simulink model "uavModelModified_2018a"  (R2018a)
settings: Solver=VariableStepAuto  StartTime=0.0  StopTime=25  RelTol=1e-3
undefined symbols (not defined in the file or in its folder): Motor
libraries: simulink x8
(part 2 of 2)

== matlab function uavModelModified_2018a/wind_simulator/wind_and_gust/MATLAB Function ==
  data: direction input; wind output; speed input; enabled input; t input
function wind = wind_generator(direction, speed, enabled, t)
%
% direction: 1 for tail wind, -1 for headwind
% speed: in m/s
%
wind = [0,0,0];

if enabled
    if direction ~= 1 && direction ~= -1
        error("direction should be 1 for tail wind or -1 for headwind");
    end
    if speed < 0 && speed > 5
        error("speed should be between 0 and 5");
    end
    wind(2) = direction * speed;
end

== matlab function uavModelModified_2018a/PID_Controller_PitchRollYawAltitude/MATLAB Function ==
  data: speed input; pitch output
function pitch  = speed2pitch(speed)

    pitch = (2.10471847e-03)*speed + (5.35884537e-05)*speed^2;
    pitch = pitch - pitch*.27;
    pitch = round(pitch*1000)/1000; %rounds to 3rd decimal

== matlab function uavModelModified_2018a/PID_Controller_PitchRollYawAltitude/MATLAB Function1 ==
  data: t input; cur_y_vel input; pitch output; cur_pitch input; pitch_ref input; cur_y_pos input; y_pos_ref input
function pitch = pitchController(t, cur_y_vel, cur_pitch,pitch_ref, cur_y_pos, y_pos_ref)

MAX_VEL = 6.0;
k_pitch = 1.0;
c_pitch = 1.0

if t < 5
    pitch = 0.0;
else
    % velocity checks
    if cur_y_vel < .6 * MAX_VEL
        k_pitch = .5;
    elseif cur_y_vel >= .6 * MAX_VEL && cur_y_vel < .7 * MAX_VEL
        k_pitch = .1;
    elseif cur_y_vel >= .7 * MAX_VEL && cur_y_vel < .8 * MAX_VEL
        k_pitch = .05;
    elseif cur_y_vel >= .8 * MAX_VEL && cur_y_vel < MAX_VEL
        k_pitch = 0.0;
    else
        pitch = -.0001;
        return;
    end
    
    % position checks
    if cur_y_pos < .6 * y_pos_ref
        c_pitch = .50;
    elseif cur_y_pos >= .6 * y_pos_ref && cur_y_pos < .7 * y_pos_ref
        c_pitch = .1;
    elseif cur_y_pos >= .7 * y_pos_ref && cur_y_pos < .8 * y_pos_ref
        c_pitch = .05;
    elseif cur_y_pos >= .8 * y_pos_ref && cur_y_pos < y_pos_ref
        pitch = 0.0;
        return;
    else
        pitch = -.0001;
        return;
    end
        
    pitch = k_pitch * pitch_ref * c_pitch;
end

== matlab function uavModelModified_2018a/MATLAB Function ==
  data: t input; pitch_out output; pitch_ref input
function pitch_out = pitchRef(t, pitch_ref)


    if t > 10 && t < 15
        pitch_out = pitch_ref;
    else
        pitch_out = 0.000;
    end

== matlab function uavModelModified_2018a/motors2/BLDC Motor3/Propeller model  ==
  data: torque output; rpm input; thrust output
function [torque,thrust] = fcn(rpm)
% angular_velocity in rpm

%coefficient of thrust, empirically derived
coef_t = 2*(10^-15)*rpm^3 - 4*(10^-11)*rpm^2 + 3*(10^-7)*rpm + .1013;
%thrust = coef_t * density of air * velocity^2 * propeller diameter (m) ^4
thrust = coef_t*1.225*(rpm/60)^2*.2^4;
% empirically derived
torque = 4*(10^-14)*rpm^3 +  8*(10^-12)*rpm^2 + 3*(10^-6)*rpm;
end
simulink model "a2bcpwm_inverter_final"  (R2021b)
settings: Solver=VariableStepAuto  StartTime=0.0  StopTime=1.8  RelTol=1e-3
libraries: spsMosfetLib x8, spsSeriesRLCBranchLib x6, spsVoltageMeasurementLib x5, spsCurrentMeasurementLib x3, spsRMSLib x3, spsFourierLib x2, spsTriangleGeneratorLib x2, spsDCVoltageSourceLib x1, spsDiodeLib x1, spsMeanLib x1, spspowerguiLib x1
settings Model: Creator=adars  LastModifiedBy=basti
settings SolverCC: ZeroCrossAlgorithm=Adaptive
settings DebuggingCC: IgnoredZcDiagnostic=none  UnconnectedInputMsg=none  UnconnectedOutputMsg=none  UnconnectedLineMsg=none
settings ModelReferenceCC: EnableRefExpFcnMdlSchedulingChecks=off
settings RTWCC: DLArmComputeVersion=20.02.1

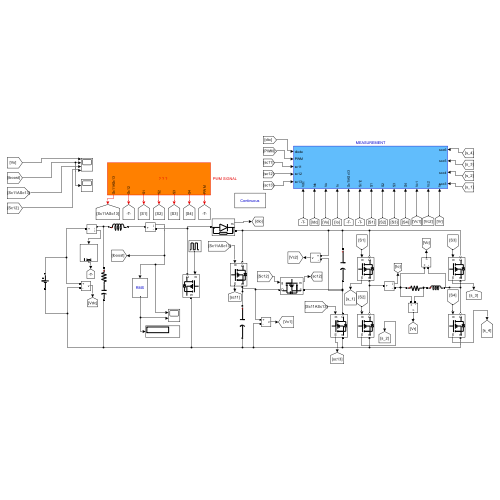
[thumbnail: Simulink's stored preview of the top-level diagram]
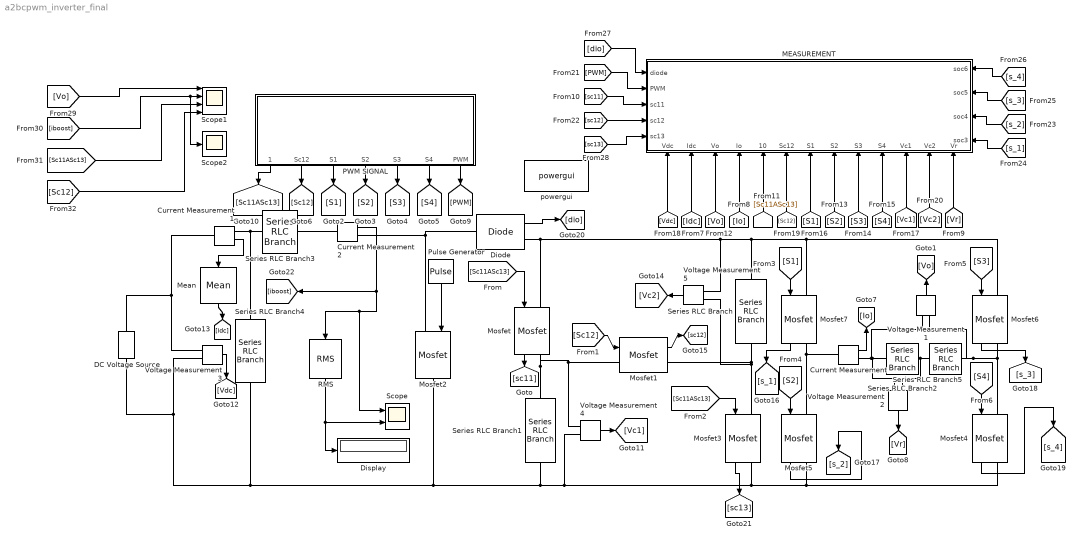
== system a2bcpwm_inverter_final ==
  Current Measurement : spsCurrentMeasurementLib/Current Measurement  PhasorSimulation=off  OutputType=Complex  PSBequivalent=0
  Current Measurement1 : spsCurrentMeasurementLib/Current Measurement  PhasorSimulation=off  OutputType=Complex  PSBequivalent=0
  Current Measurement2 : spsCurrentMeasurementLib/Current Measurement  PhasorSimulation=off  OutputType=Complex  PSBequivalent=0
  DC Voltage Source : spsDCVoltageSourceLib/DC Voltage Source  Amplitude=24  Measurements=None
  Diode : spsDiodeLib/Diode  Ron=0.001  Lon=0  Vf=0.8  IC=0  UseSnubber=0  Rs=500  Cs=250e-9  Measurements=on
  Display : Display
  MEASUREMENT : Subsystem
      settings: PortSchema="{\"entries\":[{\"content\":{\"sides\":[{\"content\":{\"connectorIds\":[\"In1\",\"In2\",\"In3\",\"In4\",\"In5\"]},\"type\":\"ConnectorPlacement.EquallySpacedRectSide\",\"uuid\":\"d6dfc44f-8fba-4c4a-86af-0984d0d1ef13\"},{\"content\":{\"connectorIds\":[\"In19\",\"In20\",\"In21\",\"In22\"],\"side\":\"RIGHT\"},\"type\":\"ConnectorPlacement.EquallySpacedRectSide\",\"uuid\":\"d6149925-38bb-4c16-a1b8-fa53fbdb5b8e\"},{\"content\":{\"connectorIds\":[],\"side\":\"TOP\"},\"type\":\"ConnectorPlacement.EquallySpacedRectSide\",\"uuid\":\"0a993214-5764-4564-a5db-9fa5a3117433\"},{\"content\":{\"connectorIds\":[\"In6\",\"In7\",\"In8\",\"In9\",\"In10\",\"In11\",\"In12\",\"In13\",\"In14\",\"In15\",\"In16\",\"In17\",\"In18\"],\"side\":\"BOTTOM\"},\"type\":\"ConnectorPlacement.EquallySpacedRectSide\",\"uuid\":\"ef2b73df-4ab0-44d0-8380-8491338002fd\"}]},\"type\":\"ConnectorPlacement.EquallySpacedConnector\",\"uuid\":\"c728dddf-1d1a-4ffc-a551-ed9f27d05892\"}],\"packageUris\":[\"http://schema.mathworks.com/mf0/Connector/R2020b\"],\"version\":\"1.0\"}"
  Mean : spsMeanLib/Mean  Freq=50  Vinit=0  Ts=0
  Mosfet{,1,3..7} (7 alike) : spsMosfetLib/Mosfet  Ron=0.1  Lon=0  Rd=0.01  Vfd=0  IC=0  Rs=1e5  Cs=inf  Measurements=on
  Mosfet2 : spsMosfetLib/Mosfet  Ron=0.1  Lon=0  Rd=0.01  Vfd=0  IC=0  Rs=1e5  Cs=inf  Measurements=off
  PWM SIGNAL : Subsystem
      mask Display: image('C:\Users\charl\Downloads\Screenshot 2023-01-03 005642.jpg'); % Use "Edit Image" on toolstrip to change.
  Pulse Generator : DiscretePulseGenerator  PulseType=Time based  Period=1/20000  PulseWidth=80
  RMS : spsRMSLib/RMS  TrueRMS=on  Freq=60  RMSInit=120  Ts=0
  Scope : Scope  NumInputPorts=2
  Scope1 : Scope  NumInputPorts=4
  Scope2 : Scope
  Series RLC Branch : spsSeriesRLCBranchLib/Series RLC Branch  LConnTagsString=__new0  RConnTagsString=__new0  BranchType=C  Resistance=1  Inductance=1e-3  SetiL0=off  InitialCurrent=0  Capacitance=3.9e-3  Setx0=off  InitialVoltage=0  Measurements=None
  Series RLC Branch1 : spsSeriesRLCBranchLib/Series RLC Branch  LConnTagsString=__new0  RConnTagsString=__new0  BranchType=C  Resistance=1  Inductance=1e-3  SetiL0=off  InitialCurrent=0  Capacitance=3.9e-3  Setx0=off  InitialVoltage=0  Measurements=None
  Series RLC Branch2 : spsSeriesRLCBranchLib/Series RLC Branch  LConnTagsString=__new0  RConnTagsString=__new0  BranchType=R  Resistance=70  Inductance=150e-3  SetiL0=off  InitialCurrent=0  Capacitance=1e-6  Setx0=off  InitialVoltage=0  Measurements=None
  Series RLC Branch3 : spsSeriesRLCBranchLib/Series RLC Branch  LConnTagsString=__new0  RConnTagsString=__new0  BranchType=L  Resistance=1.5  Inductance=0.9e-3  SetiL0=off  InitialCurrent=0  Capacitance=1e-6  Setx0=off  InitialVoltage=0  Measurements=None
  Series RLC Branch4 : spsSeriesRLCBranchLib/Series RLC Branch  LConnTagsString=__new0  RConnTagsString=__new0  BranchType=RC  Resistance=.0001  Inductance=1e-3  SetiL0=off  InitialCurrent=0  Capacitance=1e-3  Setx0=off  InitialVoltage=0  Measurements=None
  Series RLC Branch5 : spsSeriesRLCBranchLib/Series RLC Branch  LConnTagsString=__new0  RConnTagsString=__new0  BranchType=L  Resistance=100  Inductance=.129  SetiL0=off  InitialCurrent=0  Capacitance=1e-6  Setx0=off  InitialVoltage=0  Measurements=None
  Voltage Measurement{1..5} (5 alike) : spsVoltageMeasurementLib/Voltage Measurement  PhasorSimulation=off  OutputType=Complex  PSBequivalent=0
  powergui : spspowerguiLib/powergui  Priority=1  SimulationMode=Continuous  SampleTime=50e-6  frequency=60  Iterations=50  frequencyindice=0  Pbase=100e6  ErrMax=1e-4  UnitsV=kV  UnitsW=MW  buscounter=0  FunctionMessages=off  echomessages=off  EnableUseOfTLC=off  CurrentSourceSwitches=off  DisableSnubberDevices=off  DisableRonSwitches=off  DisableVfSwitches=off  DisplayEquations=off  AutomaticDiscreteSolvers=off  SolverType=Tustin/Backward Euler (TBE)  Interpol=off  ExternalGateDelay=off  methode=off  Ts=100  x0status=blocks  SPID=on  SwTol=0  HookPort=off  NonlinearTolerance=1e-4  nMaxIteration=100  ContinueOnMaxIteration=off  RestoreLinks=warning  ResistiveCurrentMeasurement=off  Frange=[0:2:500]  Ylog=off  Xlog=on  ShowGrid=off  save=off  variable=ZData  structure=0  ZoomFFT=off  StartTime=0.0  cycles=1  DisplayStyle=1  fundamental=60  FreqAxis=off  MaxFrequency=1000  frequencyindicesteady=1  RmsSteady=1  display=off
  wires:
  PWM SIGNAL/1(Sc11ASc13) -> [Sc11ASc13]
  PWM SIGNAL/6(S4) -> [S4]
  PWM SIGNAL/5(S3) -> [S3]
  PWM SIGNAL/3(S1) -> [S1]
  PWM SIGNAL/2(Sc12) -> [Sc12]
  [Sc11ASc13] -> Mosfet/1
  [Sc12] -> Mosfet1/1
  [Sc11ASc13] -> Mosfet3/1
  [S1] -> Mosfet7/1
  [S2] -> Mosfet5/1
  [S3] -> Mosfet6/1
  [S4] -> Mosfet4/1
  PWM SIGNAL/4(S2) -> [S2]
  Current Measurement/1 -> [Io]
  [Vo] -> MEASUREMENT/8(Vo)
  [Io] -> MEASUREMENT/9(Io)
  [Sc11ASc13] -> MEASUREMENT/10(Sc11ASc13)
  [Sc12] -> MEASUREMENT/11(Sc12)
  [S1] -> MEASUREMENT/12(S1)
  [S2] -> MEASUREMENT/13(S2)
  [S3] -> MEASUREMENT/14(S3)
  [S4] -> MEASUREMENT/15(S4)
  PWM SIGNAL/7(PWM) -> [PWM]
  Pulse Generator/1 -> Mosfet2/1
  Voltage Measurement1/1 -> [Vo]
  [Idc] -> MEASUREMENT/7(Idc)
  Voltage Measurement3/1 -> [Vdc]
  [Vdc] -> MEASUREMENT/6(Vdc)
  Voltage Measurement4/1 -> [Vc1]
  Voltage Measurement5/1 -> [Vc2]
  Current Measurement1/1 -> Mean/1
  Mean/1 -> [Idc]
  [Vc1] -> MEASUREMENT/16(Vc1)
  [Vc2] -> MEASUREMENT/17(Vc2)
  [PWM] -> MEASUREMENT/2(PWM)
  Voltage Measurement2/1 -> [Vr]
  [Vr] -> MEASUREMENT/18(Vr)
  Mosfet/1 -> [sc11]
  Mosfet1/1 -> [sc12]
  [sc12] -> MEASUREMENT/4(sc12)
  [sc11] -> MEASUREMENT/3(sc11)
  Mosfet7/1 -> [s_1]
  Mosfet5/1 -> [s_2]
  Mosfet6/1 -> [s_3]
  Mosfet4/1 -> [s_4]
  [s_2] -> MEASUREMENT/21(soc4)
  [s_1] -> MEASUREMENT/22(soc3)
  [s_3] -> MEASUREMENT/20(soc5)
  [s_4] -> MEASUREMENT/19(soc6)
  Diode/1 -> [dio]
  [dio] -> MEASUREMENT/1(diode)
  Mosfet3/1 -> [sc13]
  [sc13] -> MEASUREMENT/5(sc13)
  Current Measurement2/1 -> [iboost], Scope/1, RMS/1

┄┄┄┄┄┄

**THE TASK:** Return, from the data, each line that has the word "tail" in it.

**ANSWER TO THE PROBLEM:**
% direction: 1 for tail wind, -1 for headwind
        error("direction should be 1 for tail wind or -1 for headwind");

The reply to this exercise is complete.